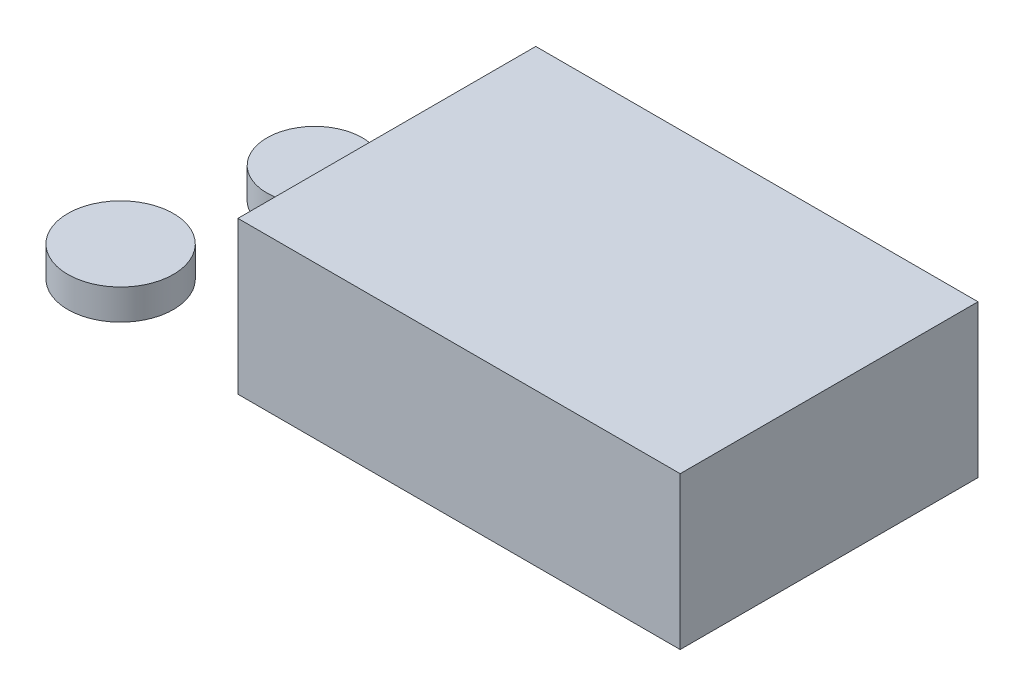
ISO-10303-21;
HEADER;
FILE_DESCRIPTION(('STEP AP214'),'2;1');
FILE_NAME('part.step','',(''),(''),'','','');
FILE_SCHEMA(('AUTOMOTIVE_DESIGN { 1 0 10303 214 1 1 1 1 }'));
ENDSEC;
DATA;
#1=APPLICATION_CONTEXT('core data for automotive mechanical design processes');
#2=APPLICATION_PROTOCOL_DEFINITION('international standard','automotive_design',2000,#1);
#3=PRODUCT_CONTEXT('',#1,'mechanical');
#4=PRODUCT('Part','Part','',(#3));
#5=PRODUCT_RELATED_PRODUCT_CATEGORY('part','',(#4));
#6=PRODUCT_DEFINITION_FORMATION('','',#4);
#7=PRODUCT_DEFINITION_CONTEXT('part definition',#1,'design');
#8=PRODUCT_DEFINITION('design','',#6,#7);
#9=PRODUCT_DEFINITION_SHAPE('','',#8);
#10=(LENGTH_UNIT() NAMED_UNIT(*) SI_UNIT(.MILLI.,.METRE.));
#11=(NAMED_UNIT(*) PLANE_ANGLE_UNIT() SI_UNIT($,.RADIAN.));
#12=(NAMED_UNIT(*) SI_UNIT($,.STERADIAN.) SOLID_ANGLE_UNIT());
#13=UNCERTAINTY_MEASURE_WITH_UNIT(LENGTH_MEASURE(1.E-05),#10,'distance_accuracy_value','');
#14=(GEOMETRIC_REPRESENTATION_CONTEXT(3) GLOBAL_UNCERTAINTY_ASSIGNED_CONTEXT((#13)) GLOBAL_UNIT_ASSIGNED_CONTEXT((#10,
#11,#12)) REPRESENTATION_CONTEXT('',''));
#15=CARTESIAN_POINT('',(0.,0.,0.));
#16=DIRECTION('',(0.,0.,1.));
#17=DIRECTION('',(1.,0.,0.));
#18=AXIS2_PLACEMENT_3D('',#15,#16,#17);
#19=CARTESIAN_POINT('',(-124.56959228351,10.,35.4048944559061));
#20=DIRECTION('',(0.,-1.,0.));
#21=DIRECTION('',(0.,0.,-1.));
#22=AXIS2_PLACEMENT_3D('',#19,#20,#21);
#23=CYLINDRICAL_SURFACE('',#22,17.3343195617082);
#24=CARTESIAN_POINT('',(-124.56959228351,10.,35.4048944559061));
#25=DIRECTION('',(0.,1.,0.));
#26=DIRECTION('',(0.,0.,1.));
#27=AXIS2_PLACEMENT_3D('',#24,#25,#26);
#28=CIRCLE('',#27,17.3343195617082);
#29=CARTESIAN_POINT('',(-124.56959228351,10.,52.7392140176143));
#30=VERTEX_POINT('',#29);
#31=EDGE_CURVE('E11',#30,#30,#28,.T.);
#32=ORIENTED_EDGE('',*,*,#31,.F.);
#33=EDGE_LOOP('',(#32));
#34=FACE_BOUND('',#33,.T.);
#35=CARTESIAN_POINT('',(-124.56959228351,0.,35.4048944559061));
#36=DIRECTION('',(0.,1.,0.));
#37=DIRECTION('',(0.,0.,1.));
#38=AXIS2_PLACEMENT_3D('',#35,#36,#37);
#39=CIRCLE('',#38,17.3343195617082);
#40=CARTESIAN_POINT('',(-124.56959228351,0.,52.7392140176143));
#41=VERTEX_POINT('',#40);
#42=EDGE_CURVE('E47',#41,#41,#39,.T.);
#43=ORIENTED_EDGE('',*,*,#42,.T.);
#44=EDGE_LOOP('',(#43));
#45=FACE_BOUND('',#44,.T.);
#46=ADVANCED_FACE('F44',(#34,#45),#23,.T.);
#47=CARTESIAN_POINT('',(-124.56959228351,10.,35.4048944559061));
#48=DIRECTION('',(0.,1.,0.));
#49=DIRECTION('',(0.,0.,1.));
#50=AXIS2_PLACEMENT_3D('',#47,#48,#49);
#51=PLANE('',#50);
#52=ORIENTED_EDGE('',*,*,#31,.T.);
#53=EDGE_LOOP('',(#52));
#54=FACE_BOUND('',#53,.T.);
#55=ADVANCED_FACE('F59',(#54),#51,.T.);
#56=CARTESIAN_POINT('',(-124.56959228351,0.,35.4048944559061));
#57=DIRECTION('',(0.,1.,0.));
#58=DIRECTION('',(0.,0.,1.));
#59=AXIS2_PLACEMENT_3D('',#56,#57,#58);
#60=PLANE('',#59);
#61=ORIENTED_EDGE('',*,*,#42,.F.);
#62=EDGE_LOOP('',(#61));
#63=FACE_BOUND('',#62,.T.);
#64=ADVANCED_FACE('F57',(#63),#60,.F.);
#65=CLOSED_SHELL('',(#46,#55,#64));
#66=MANIFOLD_SOLID_BREP('B2',#65);
#67=CARTESIAN_POINT('',(-115.030740926207,10.,-18.7852621270622));
#68=DIRECTION('',(0.,-1.,0.));
#69=DIRECTION('',(0.,0.,-1.));
#70=AXIS2_PLACEMENT_3D('',#67,#68,#69);
#71=CYLINDRICAL_SURFACE('',#70,15.6981780799688);
#72=CARTESIAN_POINT('',(-115.030740926207,10.,-18.7852621270622));
#73=DIRECTION('',(0.,1.,0.));
#74=DIRECTION('',(0.,0.,1.));
#75=AXIS2_PLACEMENT_3D('',#72,#73,#74);
#76=CIRCLE('',#75,15.6981780799688);
#77=CARTESIAN_POINT('',(-115.030740926207,10.,-3.08708404709336));
#78=VERTEX_POINT('',#77);
#79=EDGE_CURVE('E43',#78,#78,#76,.T.);
#80=ORIENTED_EDGE('',*,*,#79,.F.);
#81=EDGE_LOOP('',(#80));
#82=FACE_BOUND('',#81,.T.);
#83=CARTESIAN_POINT('',(-115.030740926207,0.,-18.7852621270622));
#84=DIRECTION('',(0.,1.,0.));
#85=DIRECTION('',(0.,0.,1.));
#86=AXIS2_PLACEMENT_3D('',#83,#84,#85);
#87=CIRCLE('',#86,15.6981780799688);
#88=CARTESIAN_POINT('',(-115.030740926207,0.,-3.08708404709336));
#89=VERTEX_POINT('',#88);
#90=EDGE_CURVE('E97',#89,#89,#87,.T.);
#91=ORIENTED_EDGE('',*,*,#90,.T.);
#92=EDGE_LOOP('',(#91));
#93=FACE_BOUND('',#92,.T.);
#94=ADVANCED_FACE('F94',(#82,#93),#71,.T.);
#95=CARTESIAN_POINT('',(-115.030740926207,10.,-18.7852621270622));
#96=DIRECTION('',(0.,1.,0.));
#97=DIRECTION('',(0.,0.,1.));
#98=AXIS2_PLACEMENT_3D('',#95,#96,#97);
#99=PLANE('',#98);
#100=ORIENTED_EDGE('',*,*,#79,.T.);
#101=EDGE_LOOP('',(#100));
#102=FACE_BOUND('',#101,.T.);
#103=ADVANCED_FACE('F109',(#102),#99,.T.);
#104=CARTESIAN_POINT('',(-115.030740926207,0.,-18.7852621270622));
#105=DIRECTION('',(0.,1.,0.));
#106=DIRECTION('',(0.,0.,1.));
#107=AXIS2_PLACEMENT_3D('',#104,#105,#106);
#108=PLANE('',#107);
#109=ORIENTED_EDGE('',*,*,#90,.F.);
#110=EDGE_LOOP('',(#109));
#111=FACE_BOUND('',#110,.T.);
#112=ADVANCED_FACE('F107',(#111),#108,.F.);
#113=CLOSED_SHELL('',(#94,#103,#112));
#114=MANIFOLD_SOLID_BREP('B6',#113);
#115=CARTESIAN_POINT('',(72.5812751737693,50.,48.8785340192358));
#116=DIRECTION('',(-1.,0.,0.));
#117=DIRECTION('',(0.,0.,1.));
#118=AXIS2_PLACEMENT_3D('',#115,#116,#117);
#119=PLANE('',#118);
#120=DIRECTION('',(0.,0.,-1.));
#121=VECTOR('',#120,1.);
#122=CARTESIAN_POINT('',(72.5812751737693,0.,48.8785340192358));
#123=LINE('',#122,#121);
#124=CARTESIAN_POINT('',(72.5812751737693,0.,48.8785340192358));
#125=VERTEX_POINT('',#124);
#126=CARTESIAN_POINT('',(72.5812751737693,0.,-48.8785340192358));
#127=VERTEX_POINT('',#126);
#128=EDGE_CURVE('E198',#125,#127,#123,.T.);
#129=ORIENTED_EDGE('',*,*,#128,.T.);
#130=DIRECTION('',(0.,-1.,0.));
#131=VECTOR('',#130,1.);
#132=CARTESIAN_POINT('',(72.5812751737693,50.,-48.8785340192358));
#133=LINE('',#132,#131);
#134=CARTESIAN_POINT('',(72.5812751737693,50.,-48.8785340192358));
#135=VERTEX_POINT('',#134);
#136=EDGE_CURVE('E92',#135,#127,#133,.T.);
#137=ORIENTED_EDGE('',*,*,#136,.F.);
#138=DIRECTION('',(0.,0.,-1.));
#139=VECTOR('',#138,1.);
#140=CARTESIAN_POINT('',(72.5812751737693,50.,48.8785340192358));
#141=LINE('',#140,#139);
#142=CARTESIAN_POINT('',(72.5812751737693,50.,48.8785340192358));
#143=VERTEX_POINT('',#142);
#144=EDGE_CURVE('E186',#143,#135,#141,.T.);
#145=ORIENTED_EDGE('',*,*,#144,.F.);
#146=DIRECTION('',(0.,-1.,0.));
#147=VECTOR('',#146,1.);
#148=CARTESIAN_POINT('',(72.5812751737693,50.,48.8785340192358));
#149=LINE('',#148,#147);
#150=EDGE_CURVE('E194',#143,#125,#149,.T.);
#151=ORIENTED_EDGE('',*,*,#150,.T.);
#152=EDGE_LOOP('',(#129,#137,#145,#151));
#153=FACE_BOUND('',#152,.T.);
#154=ADVANCED_FACE('F135',(#153),#119,.F.);
#155=CARTESIAN_POINT('',(-72.5812751737693,50.,-48.8785340192358));
#156=DIRECTION('',(0.,0.,1.));
#157=DIRECTION('',(1.,0.,0.));
#158=AXIS2_PLACEMENT_3D('',#155,#156,#157);
#159=PLANE('',#158);
#160=DIRECTION('',(-1.,0.,0.));
#161=VECTOR('',#160,1.);
#162=CARTESIAN_POINT('',(-72.5812751737693,0.,-48.8785340192358));
#163=LINE('',#162,#161);
#164=CARTESIAN_POINT('',(-72.5812751737693,0.,-48.8785340192358));
#165=VERTEX_POINT('',#164);
#166=EDGE_CURVE('E190',#127,#165,#163,.T.);
#167=ORIENTED_EDGE('',*,*,#166,.T.);
#168=DIRECTION('',(0.,-1.,0.));
#169=VECTOR('',#168,1.);
#170=CARTESIAN_POINT('',(-72.5812751737693,50.,-48.8785340192358));
#171=LINE('',#170,#169);
#172=CARTESIAN_POINT('',(-72.5812751737693,50.,-48.8785340192358));
#173=VERTEX_POINT('',#172);
#174=EDGE_CURVE('E143',#173,#165,#171,.T.);
#175=ORIENTED_EDGE('',*,*,#174,.F.);
#176=DIRECTION('',(-1.,0.,0.));
#177=VECTOR('',#176,1.);
#178=CARTESIAN_POINT('',(-72.5812751737693,50.,-48.8785340192358));
#179=LINE('',#178,#177);
#180=EDGE_CURVE('E181',#135,#173,#179,.T.);
#181=ORIENTED_EDGE('',*,*,#180,.F.);
#182=ORIENTED_EDGE('',*,*,#136,.T.);
#183=EDGE_LOOP('',(#167,#175,#181,#182));
#184=FACE_BOUND('',#183,.T.);
#185=ADVANCED_FACE('F189',(#184),#159,.F.);
#186=CARTESIAN_POINT('',(-72.5812751737693,50.,48.8785340192358));
#187=DIRECTION('',(1.,0.,0.));
#188=DIRECTION('',(0.,0.,-1.));
#189=AXIS2_PLACEMENT_3D('',#186,#187,#188);
#190=PLANE('',#189);
#191=DIRECTION('',(0.,0.,1.));
#192=VECTOR('',#191,1.);
#193=CARTESIAN_POINT('',(-72.5812751737693,0.,48.8785340192358));
#194=LINE('',#193,#192);
#195=CARTESIAN_POINT('',(-72.5812751737693,0.,48.8785340192358));
#196=VERTEX_POINT('',#195);
#197=EDGE_CURVE('E168',#165,#196,#194,.T.);
#198=ORIENTED_EDGE('',*,*,#197,.T.);
#199=DIRECTION('',(0.,-1.,0.));
#200=VECTOR('',#199,1.);
#201=CARTESIAN_POINT('',(-72.5812751737693,50.,48.8785340192358));
#202=LINE('',#201,#200);
#203=CARTESIAN_POINT('',(-72.5812751737693,50.,48.8785340192358));
#204=VERTEX_POINT('',#203);
#205=EDGE_CURVE('E191',#204,#196,#202,.T.);
#206=ORIENTED_EDGE('',*,*,#205,.F.);
#207=DIRECTION('',(0.,0.,1.));
#208=VECTOR('',#207,1.);
#209=CARTESIAN_POINT('',(-72.5812751737693,50.,48.8785340192358));
#210=LINE('',#209,#208);
#211=EDGE_CURVE('E184',#173,#204,#210,.T.);
#212=ORIENTED_EDGE('',*,*,#211,.F.);
#213=ORIENTED_EDGE('',*,*,#174,.T.);
#214=EDGE_LOOP('',(#198,#206,#212,#213));
#215=FACE_BOUND('',#214,.T.);
#216=ADVANCED_FACE('F192',(#215),#190,.F.);
#217=CARTESIAN_POINT('',(-72.5812751737693,50.,48.8785340192358));
#218=DIRECTION('',(0.,0.,-1.));
#219=DIRECTION('',(-1.,0.,0.));
#220=AXIS2_PLACEMENT_3D('',#217,#218,#219);
#221=PLANE('',#220);
#222=DIRECTION('',(1.,0.,0.));
#223=VECTOR('',#222,1.);
#224=CARTESIAN_POINT('',(-72.5812751737693,0.,48.8785340192358));
#225=LINE('',#224,#223);
#226=EDGE_CURVE('E174',#196,#125,#225,.T.);
#227=ORIENTED_EDGE('',*,*,#226,.T.);
#228=ORIENTED_EDGE('',*,*,#150,.F.);
#229=DIRECTION('',(1.,0.,0.));
#230=VECTOR('',#229,1.);
#231=CARTESIAN_POINT('',(-72.5812751737693,50.,48.8785340192358));
#232=LINE('',#231,#230);
#233=EDGE_CURVE('E151',#204,#143,#232,.T.);
#234=ORIENTED_EDGE('',*,*,#233,.F.);
#235=ORIENTED_EDGE('',*,*,#205,.T.);
#236=EDGE_LOOP('',(#227,#228,#234,#235));
#237=FACE_BOUND('',#236,.T.);
#238=ADVANCED_FACE('F205',(#237),#221,.F.);
#239=CARTESIAN_POINT('',(0.,50.,0.));
#240=DIRECTION('',(0.,-1.,0.));
#241=DIRECTION('',(0.,0.,-1.));
#242=AXIS2_PLACEMENT_3D('',#239,#240,#241);
#243=PLANE('',#242);
#244=ORIENTED_EDGE('',*,*,#144,.T.);
#245=ORIENTED_EDGE('',*,*,#180,.T.);
#246=ORIENTED_EDGE('',*,*,#211,.T.);
#247=ORIENTED_EDGE('',*,*,#233,.T.);
#248=EDGE_LOOP('',(#244,#245,#246,#247));
#249=FACE_BOUND('',#248,.T.);
#250=ADVANCED_FACE('F182',(#249),#243,.F.);
#251=CARTESIAN_POINT('',(0.,0.,0.));
#252=DIRECTION('',(0.,-1.,0.));
#253=DIRECTION('',(0.,0.,-1.));
#254=AXIS2_PLACEMENT_3D('',#251,#252,#253);
#255=PLANE('',#254);
#256=ORIENTED_EDGE('',*,*,#128,.F.);
#257=ORIENTED_EDGE('',*,*,#226,.F.);
#258=ORIENTED_EDGE('',*,*,#197,.F.);
#259=ORIENTED_EDGE('',*,*,#166,.F.);
#260=EDGE_LOOP('',(#256,#257,#258,#259));
#261=FACE_BOUND('',#260,.T.);
#262=ADVANCED_FACE('F208',(#261),#255,.T.);
#263=CLOSED_SHELL('',(#154,#185,#216,#238,#250,#262));
#264=MANIFOLD_SOLID_BREP('B38',#263);
#265=ADVANCED_BREP_SHAPE_REPRESENTATION('',(#18,#66,#114,#264),#14);
#266=SHAPE_DEFINITION_REPRESENTATION(#9,#265);
ENDSEC;
END-ISO-10303-21;

**Work instructions**
The entries above hold the needed span. Transcribe exactly the lines from the one with "#74=DIRECTION('',(0.,0.,1.));" to the one with "#102=FACE_BOUND('',#101,.T.);", both included.

**Written solution**
#74=DIRECTION('',(0.,0.,1.));
#75=AXIS2_PLACEMENT_3D('',#72,#73,#74);
#76=CIRCLE('',#75,15.6981780799688);
#77=CARTESIAN_POINT('',(-115.030740926207,10.,-3.08708404709336));
#78=VERTEX_POINT('',#77);
#79=EDGE_CURVE('E43',#78,#78,#76,.T.);
#80=ORIENTED_EDGE('',*,*,#79,.F.);
#81=EDGE_LOOP('',(#80));
#82=FACE_BOUND('',#81,.T.);
#83=CARTESIAN_POINT('',(-115.030740926207,0.,-18.7852621270622));
#84=DIRECTION('',(0.,1.,0.));
#85=DIRECTION('',(0.,0.,1.));
#86=AXIS2_PLACEMENT_3D('',#83,#84,#85);
#87=CIRCLE('',#86,15.6981780799688);
#88=CARTESIAN_POINT('',(-115.030740926207,0.,-3.08708404709336));
#89=VERTEX_POINT('',#88);
#90=EDGE_CURVE('E97',#89,#89,#87,.T.);
#91=ORIENTED_EDGE('',*,*,#90,.T.);
#92=EDGE_LOOP('',(#91));
#93=FACE_BOUND('',#92,.T.);
#94=ADVANCED_FACE('F94',(#82,#93),#71,.T.);
#95=CARTESIAN_POINT('',(-115.030740926207,10.,-18.7852621270622));
#96=DIRECTION('',(0.,1.,0.));
#97=DIRECTION('',(0.,0.,1.));
#98=AXIS2_PLACEMENT_3D('',#95,#96,#97);
#99=PLANE('',#98);
#100=ORIENTED_EDGE('',*,*,#79,.T.);
#101=EDGE_LOOP('',(#100));
#102=FACE_BOUND('',#101,.T.);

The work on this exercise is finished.